Each line that contains the word "surface" counts once; give the total for the records below and nothing else.

--------------------------------

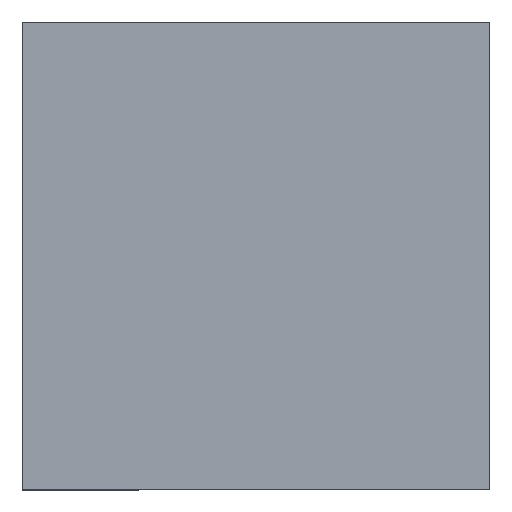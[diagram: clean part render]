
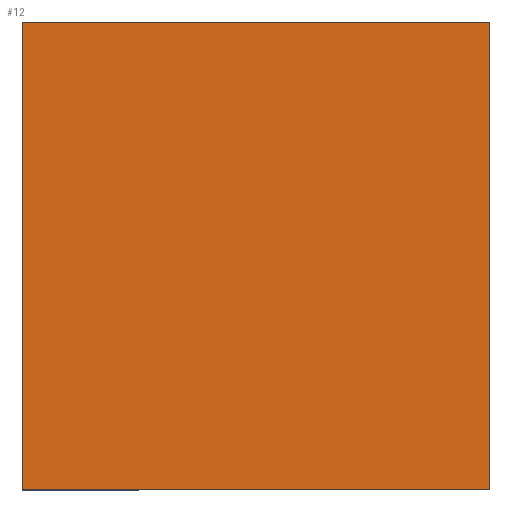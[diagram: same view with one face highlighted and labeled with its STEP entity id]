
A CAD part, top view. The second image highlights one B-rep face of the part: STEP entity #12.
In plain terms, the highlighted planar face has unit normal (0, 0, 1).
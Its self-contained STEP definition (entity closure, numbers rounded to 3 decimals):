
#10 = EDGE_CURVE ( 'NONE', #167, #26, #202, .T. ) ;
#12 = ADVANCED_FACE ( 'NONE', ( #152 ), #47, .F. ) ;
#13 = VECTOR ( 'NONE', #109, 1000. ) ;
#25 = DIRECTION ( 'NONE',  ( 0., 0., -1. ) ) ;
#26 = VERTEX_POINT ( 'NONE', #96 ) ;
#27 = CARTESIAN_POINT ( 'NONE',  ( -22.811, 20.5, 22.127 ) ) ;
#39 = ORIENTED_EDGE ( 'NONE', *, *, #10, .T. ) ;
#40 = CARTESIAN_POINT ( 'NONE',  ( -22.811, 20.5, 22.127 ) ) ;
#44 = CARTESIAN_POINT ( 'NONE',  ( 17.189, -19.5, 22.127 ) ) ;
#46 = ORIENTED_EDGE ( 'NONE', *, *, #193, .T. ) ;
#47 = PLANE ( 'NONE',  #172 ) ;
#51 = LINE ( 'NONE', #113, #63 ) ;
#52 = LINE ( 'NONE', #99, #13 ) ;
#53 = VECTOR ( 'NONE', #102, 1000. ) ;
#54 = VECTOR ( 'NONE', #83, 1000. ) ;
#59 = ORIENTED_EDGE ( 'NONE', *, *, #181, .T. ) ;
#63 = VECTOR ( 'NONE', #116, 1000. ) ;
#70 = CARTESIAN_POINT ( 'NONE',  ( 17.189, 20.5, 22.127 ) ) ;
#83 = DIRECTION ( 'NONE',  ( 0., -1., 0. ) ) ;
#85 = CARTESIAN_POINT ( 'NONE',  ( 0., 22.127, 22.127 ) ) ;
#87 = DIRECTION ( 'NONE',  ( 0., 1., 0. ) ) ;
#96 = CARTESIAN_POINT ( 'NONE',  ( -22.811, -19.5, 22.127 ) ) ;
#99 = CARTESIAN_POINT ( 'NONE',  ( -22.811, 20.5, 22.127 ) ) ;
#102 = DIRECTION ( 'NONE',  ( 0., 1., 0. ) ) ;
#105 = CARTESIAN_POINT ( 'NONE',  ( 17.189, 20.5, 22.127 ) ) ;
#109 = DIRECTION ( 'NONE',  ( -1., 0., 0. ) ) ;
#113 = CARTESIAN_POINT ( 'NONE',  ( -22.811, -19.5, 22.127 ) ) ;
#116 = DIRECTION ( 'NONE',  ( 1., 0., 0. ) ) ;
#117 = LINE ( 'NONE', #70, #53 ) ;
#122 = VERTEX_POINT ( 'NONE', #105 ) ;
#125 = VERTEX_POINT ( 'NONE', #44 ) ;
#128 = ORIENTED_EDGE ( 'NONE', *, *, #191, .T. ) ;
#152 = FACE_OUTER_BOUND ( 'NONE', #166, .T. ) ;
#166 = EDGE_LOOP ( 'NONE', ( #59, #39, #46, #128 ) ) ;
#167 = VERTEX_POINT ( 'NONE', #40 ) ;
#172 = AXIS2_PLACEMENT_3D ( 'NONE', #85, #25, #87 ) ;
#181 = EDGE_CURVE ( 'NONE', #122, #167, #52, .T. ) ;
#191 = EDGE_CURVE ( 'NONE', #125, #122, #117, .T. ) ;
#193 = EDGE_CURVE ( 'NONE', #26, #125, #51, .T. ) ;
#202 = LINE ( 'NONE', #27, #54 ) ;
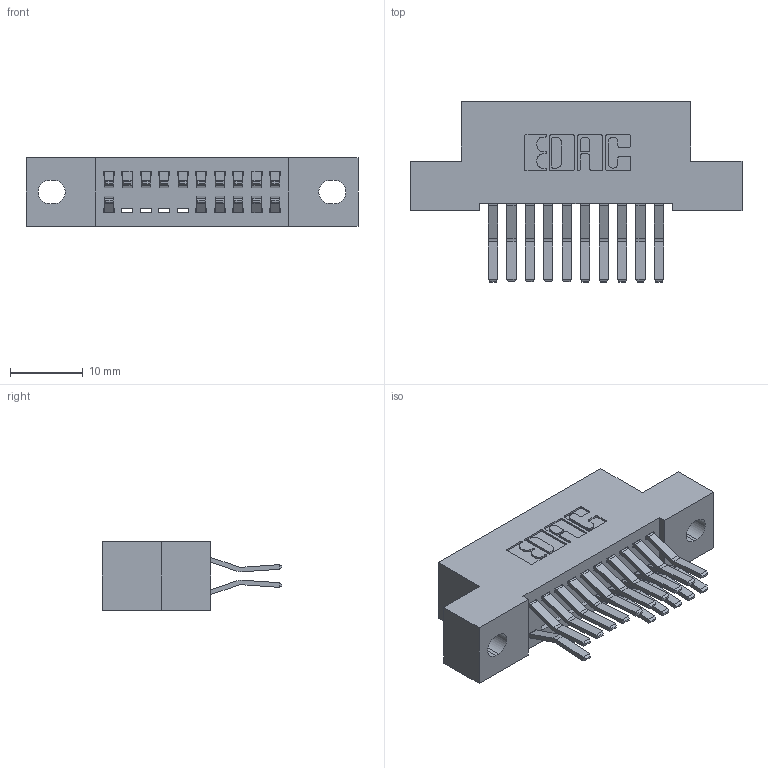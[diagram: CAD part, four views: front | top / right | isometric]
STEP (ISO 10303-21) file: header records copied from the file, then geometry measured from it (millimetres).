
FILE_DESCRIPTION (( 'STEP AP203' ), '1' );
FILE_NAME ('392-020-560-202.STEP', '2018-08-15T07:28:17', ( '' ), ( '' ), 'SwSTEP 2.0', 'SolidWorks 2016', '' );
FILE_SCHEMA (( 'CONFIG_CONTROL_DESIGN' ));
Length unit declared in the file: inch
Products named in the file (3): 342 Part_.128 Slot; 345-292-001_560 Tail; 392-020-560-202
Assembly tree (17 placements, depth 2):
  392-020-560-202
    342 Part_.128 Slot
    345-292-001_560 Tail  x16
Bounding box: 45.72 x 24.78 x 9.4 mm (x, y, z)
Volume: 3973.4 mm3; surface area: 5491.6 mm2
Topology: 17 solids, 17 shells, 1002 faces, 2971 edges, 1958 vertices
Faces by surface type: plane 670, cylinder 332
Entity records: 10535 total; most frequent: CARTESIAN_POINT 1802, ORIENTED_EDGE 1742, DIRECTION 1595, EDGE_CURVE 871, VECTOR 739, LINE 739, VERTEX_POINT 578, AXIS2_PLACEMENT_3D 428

--------------------------------

◆ Reply to the task:
2